> [Description of the task]: Use the entries below and reproduce exactly the lines from the one containing "#129=VERTEX_POINT('',#128);" down to the one containing "#154=CARTESIAN_POINT('',(-69.85,12.7,4.7625));", both of them included.

(Records contained in a dataset)
= = = = =

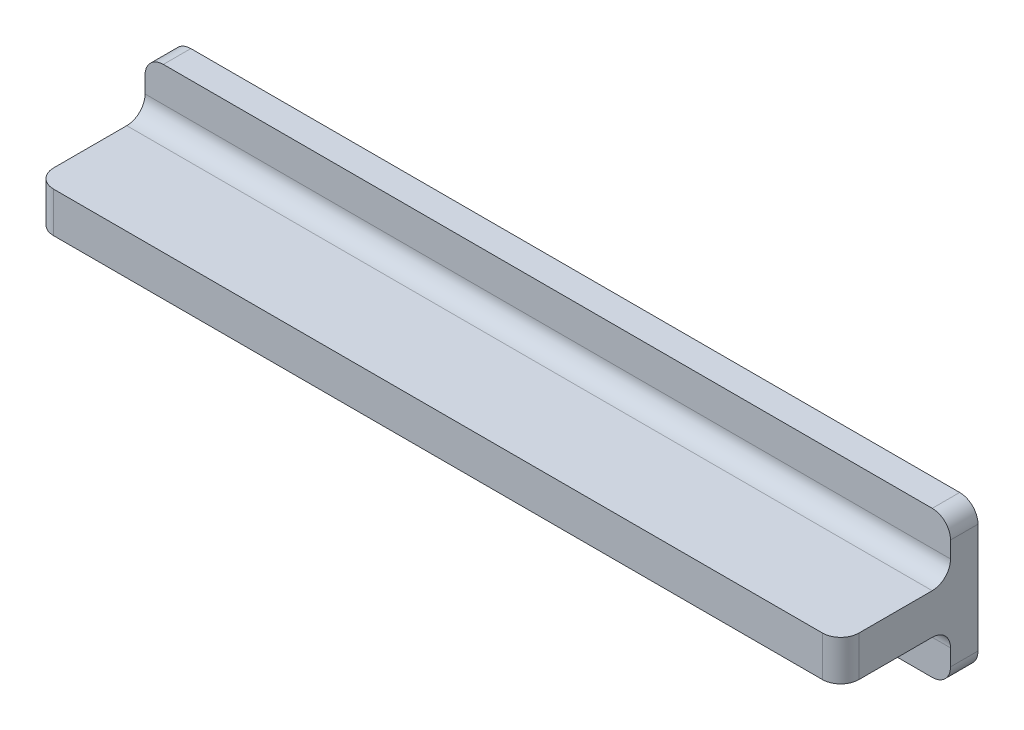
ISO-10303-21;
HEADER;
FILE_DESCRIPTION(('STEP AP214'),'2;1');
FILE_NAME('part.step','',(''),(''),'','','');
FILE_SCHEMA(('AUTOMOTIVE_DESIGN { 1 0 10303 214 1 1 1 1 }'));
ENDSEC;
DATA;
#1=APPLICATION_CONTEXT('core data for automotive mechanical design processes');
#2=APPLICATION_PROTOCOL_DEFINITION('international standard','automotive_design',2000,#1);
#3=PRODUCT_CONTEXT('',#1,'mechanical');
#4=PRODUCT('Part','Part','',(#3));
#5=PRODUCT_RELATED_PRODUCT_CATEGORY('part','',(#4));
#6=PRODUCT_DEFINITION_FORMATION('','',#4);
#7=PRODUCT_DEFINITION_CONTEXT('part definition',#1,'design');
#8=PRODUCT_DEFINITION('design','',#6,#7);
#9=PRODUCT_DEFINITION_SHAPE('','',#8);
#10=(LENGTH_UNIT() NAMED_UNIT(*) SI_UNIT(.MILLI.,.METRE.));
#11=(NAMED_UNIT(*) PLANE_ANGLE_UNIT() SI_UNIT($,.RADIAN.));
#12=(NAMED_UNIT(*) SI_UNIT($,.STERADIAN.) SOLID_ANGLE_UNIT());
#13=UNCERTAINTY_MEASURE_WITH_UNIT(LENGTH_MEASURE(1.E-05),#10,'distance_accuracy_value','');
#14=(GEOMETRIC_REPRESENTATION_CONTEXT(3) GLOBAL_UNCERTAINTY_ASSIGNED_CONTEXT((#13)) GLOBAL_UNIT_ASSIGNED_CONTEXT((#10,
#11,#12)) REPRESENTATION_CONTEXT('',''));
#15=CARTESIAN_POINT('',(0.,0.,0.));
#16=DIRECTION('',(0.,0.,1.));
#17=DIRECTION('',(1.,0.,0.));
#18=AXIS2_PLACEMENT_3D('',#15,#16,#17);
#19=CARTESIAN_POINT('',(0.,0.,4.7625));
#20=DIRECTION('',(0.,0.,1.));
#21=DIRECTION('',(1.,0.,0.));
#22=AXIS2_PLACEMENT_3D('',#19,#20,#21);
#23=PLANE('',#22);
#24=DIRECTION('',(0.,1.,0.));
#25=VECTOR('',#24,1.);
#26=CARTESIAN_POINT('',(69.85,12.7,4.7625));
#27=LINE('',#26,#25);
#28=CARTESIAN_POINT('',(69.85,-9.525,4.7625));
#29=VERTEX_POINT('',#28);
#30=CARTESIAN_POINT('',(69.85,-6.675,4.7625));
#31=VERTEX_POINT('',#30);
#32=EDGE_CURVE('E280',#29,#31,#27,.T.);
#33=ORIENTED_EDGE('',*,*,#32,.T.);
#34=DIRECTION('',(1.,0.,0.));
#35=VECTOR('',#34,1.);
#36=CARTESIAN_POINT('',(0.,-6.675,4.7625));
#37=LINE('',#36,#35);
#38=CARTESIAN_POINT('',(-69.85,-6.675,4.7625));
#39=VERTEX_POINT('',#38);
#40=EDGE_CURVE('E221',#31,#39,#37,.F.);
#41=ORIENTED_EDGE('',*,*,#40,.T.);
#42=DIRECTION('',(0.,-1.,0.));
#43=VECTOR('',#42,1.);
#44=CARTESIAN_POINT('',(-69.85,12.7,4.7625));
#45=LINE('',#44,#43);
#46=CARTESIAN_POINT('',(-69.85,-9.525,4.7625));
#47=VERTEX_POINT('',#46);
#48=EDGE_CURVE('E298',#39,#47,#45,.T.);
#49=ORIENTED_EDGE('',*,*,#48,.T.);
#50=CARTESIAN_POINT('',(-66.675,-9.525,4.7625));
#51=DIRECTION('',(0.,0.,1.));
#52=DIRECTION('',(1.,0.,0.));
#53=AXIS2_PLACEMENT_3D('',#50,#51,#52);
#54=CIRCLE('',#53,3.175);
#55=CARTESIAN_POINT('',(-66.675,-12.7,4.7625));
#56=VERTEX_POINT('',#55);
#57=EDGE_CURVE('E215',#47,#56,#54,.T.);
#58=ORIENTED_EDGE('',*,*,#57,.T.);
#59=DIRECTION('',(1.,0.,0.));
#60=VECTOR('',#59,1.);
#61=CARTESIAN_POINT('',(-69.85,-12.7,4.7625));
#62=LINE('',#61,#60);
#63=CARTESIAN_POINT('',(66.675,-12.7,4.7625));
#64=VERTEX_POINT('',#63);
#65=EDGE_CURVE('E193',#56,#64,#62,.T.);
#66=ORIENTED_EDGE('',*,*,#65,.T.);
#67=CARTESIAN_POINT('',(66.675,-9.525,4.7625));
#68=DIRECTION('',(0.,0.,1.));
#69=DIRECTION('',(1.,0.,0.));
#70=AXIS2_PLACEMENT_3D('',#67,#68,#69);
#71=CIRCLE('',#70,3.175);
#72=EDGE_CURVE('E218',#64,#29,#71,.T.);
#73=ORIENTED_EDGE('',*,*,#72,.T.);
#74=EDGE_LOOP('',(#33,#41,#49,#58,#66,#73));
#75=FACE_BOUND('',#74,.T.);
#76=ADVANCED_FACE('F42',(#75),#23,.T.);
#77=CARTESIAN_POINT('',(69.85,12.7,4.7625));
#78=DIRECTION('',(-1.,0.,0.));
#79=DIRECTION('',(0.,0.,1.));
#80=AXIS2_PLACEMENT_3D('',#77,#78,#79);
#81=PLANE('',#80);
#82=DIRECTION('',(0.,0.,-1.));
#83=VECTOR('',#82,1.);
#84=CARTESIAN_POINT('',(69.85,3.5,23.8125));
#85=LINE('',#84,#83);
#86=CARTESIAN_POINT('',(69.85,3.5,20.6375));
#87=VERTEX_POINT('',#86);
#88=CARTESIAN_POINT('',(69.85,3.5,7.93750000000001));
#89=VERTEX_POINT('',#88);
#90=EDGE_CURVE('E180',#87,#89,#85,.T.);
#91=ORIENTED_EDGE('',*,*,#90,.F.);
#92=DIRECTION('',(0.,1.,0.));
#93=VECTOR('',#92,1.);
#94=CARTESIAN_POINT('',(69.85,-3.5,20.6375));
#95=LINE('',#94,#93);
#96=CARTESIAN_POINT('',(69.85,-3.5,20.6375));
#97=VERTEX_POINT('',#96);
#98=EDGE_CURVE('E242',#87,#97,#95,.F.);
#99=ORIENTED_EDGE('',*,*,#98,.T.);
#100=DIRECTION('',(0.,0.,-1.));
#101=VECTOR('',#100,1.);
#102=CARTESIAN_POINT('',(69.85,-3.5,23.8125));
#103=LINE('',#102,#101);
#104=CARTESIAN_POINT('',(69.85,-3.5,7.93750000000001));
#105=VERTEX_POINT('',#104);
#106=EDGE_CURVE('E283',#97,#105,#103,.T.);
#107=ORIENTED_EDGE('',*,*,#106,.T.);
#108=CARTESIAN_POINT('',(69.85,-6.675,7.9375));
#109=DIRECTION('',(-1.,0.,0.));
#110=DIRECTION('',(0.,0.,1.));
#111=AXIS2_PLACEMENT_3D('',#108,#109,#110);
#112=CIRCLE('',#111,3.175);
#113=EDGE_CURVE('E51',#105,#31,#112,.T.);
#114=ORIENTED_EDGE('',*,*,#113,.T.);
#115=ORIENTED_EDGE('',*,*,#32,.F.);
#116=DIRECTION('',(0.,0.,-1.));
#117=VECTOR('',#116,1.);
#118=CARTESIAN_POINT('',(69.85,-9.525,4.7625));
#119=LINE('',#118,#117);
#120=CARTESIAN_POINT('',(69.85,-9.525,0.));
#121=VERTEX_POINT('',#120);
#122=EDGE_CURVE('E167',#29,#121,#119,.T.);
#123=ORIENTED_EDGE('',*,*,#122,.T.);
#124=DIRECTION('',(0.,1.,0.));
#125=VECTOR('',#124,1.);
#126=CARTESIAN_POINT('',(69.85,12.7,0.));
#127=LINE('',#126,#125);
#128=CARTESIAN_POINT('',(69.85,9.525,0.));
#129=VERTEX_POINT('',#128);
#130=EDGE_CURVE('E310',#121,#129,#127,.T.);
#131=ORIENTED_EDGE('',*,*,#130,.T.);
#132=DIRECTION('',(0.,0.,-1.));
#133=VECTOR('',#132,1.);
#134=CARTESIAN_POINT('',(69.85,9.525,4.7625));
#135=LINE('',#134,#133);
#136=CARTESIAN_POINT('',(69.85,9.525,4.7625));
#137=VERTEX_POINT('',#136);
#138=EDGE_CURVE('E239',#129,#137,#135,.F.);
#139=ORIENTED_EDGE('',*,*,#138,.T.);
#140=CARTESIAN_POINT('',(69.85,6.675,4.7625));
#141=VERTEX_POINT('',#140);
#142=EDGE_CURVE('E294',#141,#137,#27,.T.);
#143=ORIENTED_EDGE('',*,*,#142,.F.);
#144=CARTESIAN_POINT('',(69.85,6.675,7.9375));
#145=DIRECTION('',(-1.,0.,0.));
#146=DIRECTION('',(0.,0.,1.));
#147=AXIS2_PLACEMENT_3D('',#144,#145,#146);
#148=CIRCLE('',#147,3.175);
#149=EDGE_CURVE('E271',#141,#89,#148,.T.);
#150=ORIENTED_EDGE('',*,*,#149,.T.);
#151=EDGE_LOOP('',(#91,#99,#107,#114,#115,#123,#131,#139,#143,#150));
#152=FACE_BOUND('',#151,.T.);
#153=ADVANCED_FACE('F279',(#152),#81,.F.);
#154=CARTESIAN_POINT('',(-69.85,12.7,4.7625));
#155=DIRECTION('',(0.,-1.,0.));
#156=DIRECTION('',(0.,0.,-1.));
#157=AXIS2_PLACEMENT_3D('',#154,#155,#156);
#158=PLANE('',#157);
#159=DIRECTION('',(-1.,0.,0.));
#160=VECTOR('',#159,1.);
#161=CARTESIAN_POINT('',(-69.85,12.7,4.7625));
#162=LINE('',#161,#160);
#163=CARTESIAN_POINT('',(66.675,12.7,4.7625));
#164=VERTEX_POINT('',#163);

= = = = =

> [Written answer]:
#129=VERTEX_POINT('',#128);
#130=EDGE_CURVE('E310',#121,#129,#127,.T.);
#131=ORIENTED_EDGE('',*,*,#130,.T.);
#132=DIRECTION('',(0.,0.,-1.));
#133=VECTOR('',#132,1.);
#134=CARTESIAN_POINT('',(69.85,9.525,4.7625));
#135=LINE('',#134,#133);
#136=CARTESIAN_POINT('',(69.85,9.525,4.7625));
#137=VERTEX_POINT('',#136);
#138=EDGE_CURVE('E239',#129,#137,#135,.F.);
#139=ORIENTED_EDGE('',*,*,#138,.T.);
#140=CARTESIAN_POINT('',(69.85,6.675,4.7625));
#141=VERTEX_POINT('',#140);
#142=EDGE_CURVE('E294',#141,#137,#27,.T.);
#143=ORIENTED_EDGE('',*,*,#142,.F.);
#144=CARTESIAN_POINT('',(69.85,6.675,7.9375));
#145=DIRECTION('',(-1.,0.,0.));
#146=DIRECTION('',(0.,0.,1.));
#147=AXIS2_PLACEMENT_3D('',#144,#145,#146);
#148=CIRCLE('',#147,3.175);
#149=EDGE_CURVE('E271',#141,#89,#148,.T.);
#150=ORIENTED_EDGE('',*,*,#149,.T.);
#151=EDGE_LOOP('',(#91,#99,#107,#114,#115,#123,#131,#139,#143,#150));
#152=FACE_BOUND('',#151,.T.);
#153=ADVANCED_FACE('F279',(#152),#81,.F.);
#154=CARTESIAN_POINT('',(-69.85,12.7,4.7625));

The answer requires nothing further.